Getting Started · DataHub

The following guide gives a short introduction to the DataHub via a practical example.

Create a python virtual env

python -m venv env

Activate the virtual environment

On macOS and Linux:

source env/bin/activate

On Windows

.\env\Scripts\activate

Install datahub-core via PIP

pip install datahub-core

Create your first sample project

Recommended folder structure

├── data
│   ├── data.csv
│   ├── data.xlsx
├── project_name
│   ├── __init__.py
│   ├── generate.py
├── tests
│   ├── __init__.py
├── run.py

Your project's source code is mainly placed under the project_name folder. This is where your core data generation logic will be placed. run.py is a wrapper for your project entrance.
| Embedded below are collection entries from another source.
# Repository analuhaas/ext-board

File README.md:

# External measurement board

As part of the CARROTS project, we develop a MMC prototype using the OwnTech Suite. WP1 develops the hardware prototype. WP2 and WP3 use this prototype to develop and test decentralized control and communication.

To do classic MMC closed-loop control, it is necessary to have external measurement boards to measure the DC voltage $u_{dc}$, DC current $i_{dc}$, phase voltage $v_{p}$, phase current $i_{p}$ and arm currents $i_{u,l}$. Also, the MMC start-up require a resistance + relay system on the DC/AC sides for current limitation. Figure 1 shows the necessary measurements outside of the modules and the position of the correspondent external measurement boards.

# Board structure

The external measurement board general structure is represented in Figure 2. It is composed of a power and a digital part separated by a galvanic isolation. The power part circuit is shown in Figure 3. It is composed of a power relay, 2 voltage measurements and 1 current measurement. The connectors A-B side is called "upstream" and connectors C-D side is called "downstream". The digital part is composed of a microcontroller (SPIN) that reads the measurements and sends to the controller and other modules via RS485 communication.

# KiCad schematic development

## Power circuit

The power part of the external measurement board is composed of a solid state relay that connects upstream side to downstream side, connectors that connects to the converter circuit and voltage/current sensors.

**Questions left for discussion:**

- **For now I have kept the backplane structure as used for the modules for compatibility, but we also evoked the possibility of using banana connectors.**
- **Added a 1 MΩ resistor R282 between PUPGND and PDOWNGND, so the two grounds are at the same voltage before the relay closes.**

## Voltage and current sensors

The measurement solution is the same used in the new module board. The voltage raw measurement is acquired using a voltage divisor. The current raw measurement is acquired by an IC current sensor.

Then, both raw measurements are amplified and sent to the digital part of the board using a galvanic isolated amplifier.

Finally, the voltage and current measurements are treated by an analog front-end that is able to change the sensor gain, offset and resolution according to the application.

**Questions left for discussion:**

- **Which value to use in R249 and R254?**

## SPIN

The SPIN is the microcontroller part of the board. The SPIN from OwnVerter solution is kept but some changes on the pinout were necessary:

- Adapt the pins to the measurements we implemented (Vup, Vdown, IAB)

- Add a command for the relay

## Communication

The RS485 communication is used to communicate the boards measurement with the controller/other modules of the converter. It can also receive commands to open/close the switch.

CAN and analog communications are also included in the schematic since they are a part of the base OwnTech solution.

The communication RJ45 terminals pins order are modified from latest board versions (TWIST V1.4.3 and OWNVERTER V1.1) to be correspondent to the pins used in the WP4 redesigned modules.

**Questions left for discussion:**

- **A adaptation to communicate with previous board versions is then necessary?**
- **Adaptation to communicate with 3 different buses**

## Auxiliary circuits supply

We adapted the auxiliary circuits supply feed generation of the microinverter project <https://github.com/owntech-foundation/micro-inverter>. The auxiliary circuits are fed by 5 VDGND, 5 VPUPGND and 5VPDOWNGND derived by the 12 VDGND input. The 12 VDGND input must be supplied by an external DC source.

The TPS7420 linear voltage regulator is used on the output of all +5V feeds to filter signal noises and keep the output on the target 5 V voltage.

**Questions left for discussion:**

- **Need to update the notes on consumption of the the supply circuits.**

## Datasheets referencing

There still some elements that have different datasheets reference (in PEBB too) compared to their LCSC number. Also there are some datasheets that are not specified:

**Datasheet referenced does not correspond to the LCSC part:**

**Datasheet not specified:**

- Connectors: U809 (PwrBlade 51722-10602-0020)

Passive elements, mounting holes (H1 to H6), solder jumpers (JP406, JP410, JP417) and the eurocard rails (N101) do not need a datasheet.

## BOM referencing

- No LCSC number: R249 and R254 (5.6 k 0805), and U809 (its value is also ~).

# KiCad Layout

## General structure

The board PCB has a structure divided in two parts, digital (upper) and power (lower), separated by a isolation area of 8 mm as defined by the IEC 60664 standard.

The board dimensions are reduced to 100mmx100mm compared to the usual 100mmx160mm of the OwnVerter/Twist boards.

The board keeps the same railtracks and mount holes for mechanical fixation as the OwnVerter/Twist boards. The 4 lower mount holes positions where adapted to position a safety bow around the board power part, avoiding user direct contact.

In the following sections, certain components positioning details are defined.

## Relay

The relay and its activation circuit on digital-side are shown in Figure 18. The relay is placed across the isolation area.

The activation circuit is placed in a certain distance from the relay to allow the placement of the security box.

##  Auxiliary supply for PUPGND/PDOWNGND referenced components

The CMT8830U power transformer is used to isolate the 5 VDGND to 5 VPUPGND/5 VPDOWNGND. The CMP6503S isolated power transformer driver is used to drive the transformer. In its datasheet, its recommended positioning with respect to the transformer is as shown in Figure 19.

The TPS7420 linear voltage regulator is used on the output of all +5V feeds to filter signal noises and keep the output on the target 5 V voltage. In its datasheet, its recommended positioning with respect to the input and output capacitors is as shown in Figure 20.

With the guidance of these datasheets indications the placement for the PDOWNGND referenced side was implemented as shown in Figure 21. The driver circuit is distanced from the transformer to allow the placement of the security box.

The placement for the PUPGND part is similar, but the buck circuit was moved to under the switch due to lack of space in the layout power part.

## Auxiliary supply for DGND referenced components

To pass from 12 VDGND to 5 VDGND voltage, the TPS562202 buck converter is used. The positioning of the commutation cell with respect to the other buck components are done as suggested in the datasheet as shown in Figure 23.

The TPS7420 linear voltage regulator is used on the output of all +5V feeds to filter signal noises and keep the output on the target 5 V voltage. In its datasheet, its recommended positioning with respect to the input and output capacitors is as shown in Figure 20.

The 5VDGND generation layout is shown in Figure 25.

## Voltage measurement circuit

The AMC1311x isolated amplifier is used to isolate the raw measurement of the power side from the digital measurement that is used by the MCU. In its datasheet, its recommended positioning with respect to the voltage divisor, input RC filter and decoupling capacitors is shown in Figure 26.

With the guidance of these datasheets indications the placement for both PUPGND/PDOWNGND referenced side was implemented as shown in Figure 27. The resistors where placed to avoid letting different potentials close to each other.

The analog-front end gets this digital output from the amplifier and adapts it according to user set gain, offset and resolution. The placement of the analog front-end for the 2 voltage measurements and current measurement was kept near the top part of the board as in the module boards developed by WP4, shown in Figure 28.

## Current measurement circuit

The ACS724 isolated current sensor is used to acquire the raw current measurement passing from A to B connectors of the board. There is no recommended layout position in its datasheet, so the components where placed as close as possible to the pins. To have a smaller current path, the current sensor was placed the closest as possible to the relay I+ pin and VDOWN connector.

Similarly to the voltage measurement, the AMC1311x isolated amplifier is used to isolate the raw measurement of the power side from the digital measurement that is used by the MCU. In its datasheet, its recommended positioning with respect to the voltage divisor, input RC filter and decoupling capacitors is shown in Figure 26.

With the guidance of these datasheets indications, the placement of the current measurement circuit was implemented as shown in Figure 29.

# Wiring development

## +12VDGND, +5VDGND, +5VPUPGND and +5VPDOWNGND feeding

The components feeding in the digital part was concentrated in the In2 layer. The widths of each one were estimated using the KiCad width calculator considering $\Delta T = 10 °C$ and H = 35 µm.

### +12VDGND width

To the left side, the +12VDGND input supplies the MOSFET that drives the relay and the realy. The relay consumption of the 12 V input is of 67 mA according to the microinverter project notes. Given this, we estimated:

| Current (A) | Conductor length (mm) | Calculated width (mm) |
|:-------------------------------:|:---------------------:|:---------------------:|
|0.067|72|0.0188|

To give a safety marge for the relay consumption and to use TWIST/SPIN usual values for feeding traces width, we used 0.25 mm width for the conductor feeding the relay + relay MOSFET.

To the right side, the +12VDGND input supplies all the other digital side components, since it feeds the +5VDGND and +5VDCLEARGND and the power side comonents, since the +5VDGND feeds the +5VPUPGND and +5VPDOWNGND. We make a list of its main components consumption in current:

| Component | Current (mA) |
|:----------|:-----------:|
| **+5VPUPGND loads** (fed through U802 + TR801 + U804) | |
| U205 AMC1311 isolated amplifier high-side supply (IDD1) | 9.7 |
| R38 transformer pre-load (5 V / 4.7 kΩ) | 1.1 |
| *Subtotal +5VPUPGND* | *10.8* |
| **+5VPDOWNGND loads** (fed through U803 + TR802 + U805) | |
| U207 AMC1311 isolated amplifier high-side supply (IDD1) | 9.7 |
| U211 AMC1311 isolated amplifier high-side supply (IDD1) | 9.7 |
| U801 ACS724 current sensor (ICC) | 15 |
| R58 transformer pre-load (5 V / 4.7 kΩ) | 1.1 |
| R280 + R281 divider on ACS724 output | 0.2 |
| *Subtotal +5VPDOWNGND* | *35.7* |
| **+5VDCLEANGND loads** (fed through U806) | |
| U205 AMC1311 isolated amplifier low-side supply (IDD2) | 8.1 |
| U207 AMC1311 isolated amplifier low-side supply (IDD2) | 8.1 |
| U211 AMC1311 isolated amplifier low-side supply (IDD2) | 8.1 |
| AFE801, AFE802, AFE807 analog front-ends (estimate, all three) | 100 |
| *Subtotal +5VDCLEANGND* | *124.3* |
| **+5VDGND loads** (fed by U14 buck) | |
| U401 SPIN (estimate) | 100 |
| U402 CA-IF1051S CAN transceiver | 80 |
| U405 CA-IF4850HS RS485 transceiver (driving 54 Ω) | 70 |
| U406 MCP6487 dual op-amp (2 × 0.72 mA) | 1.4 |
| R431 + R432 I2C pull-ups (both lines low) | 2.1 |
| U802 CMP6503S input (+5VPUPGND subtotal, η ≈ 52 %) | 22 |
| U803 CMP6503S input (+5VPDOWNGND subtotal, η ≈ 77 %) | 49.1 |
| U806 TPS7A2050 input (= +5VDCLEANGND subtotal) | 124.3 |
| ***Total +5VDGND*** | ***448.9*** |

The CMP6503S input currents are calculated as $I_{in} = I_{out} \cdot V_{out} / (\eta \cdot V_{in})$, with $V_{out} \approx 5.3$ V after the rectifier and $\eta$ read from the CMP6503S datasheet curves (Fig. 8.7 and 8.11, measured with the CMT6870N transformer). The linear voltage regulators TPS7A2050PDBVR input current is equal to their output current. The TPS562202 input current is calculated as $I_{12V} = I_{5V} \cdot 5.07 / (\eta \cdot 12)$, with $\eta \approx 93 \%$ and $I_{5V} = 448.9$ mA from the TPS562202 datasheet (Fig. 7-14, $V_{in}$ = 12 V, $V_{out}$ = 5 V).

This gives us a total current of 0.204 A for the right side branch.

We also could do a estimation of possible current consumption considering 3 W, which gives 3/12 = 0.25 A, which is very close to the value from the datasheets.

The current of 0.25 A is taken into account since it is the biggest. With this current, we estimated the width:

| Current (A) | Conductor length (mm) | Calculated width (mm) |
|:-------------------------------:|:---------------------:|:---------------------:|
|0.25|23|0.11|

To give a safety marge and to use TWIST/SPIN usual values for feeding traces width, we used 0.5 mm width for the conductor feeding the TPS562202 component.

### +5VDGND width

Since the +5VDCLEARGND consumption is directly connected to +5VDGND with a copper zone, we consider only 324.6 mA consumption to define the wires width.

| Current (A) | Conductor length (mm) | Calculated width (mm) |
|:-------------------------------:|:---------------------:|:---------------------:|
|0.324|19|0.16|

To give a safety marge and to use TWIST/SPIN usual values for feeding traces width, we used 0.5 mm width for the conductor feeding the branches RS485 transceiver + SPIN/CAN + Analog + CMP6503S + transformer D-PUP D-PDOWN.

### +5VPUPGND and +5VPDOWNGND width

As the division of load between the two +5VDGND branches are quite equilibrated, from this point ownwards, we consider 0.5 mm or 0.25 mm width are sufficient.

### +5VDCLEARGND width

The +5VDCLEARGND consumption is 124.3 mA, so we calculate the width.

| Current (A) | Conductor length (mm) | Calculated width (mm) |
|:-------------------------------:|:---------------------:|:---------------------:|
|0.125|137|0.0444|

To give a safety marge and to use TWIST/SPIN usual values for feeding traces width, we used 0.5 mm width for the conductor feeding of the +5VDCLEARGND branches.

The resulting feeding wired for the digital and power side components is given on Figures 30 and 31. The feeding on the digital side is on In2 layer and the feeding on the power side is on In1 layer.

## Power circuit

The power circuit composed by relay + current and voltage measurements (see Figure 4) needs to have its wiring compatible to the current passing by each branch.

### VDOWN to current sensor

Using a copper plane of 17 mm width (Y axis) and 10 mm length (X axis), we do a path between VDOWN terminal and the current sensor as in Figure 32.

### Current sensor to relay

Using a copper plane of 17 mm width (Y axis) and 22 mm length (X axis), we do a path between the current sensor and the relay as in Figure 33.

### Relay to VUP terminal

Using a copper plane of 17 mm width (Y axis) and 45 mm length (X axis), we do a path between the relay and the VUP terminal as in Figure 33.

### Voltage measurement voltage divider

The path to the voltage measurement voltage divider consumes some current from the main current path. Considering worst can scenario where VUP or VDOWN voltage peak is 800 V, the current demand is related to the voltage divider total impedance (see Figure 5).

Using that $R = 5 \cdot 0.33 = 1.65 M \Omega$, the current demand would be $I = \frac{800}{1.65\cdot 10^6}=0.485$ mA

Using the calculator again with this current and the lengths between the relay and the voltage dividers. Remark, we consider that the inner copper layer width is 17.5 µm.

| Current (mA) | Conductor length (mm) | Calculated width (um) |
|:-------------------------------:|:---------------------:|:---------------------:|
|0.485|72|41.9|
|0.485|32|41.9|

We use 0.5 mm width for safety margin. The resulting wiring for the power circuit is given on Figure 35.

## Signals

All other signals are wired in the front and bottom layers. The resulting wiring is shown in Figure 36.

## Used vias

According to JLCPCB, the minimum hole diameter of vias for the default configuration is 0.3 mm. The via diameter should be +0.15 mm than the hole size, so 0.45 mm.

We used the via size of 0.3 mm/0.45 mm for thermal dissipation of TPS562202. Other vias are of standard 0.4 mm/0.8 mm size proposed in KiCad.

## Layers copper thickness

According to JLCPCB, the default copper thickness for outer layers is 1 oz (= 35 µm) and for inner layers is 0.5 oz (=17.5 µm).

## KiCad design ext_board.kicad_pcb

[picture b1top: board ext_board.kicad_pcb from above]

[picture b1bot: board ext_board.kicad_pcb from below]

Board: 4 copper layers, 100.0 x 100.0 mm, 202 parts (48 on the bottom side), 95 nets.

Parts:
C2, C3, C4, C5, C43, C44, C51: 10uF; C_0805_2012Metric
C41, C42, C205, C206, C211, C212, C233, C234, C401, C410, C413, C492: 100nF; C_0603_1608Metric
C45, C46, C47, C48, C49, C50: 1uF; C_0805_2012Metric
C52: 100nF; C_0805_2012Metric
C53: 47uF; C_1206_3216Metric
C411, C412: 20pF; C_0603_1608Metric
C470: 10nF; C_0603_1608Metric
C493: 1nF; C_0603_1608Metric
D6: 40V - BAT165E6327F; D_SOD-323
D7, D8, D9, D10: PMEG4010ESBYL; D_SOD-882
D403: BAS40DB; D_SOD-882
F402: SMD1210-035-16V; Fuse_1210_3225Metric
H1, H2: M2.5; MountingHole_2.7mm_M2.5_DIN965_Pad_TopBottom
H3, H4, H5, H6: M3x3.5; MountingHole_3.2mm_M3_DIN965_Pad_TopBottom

Generate your synthetic data

Once you have your folder structure prepared based on the example in the above section. You can write some code to generate your synthetic data now. There's an example in the folder examples/demo. The key data generation logic sit in file examples/demo/demo/generate.py.

import numpy as np
import datahub_core.generators as gen

def run(seed=130319810):

    df = gen.generate(
        props={
            'region': gen.choice(data=['NAM']),
            'country': gen.country_codes(region_field='region'),
            'person_name': gen.person('country'),
            'age': gen.random_range(low=1, high=100, round_dp=0),
        },
        count=50,
        randomstate=np.random.RandomState(seed)
    ).to_dataframe()

    df['ccy'] = df['country'].apply(lambda x: x.currency)
    df['country'] = df['country'].apply(lambda x: x.alpha3_code)

    return df

This example generates faked person name in the NAM region with his/her country code, currency information, and random age. In order to build your own synthetic generation model, you need to define a run function, in which you will use the generators in module datahub_core.generators to generate your data. Both gen.choice, gen.country_codes, gen.random_range are the generators defined in datahub_core/generators/data_frame.

Enjoy your journey to the synthetic data generation now!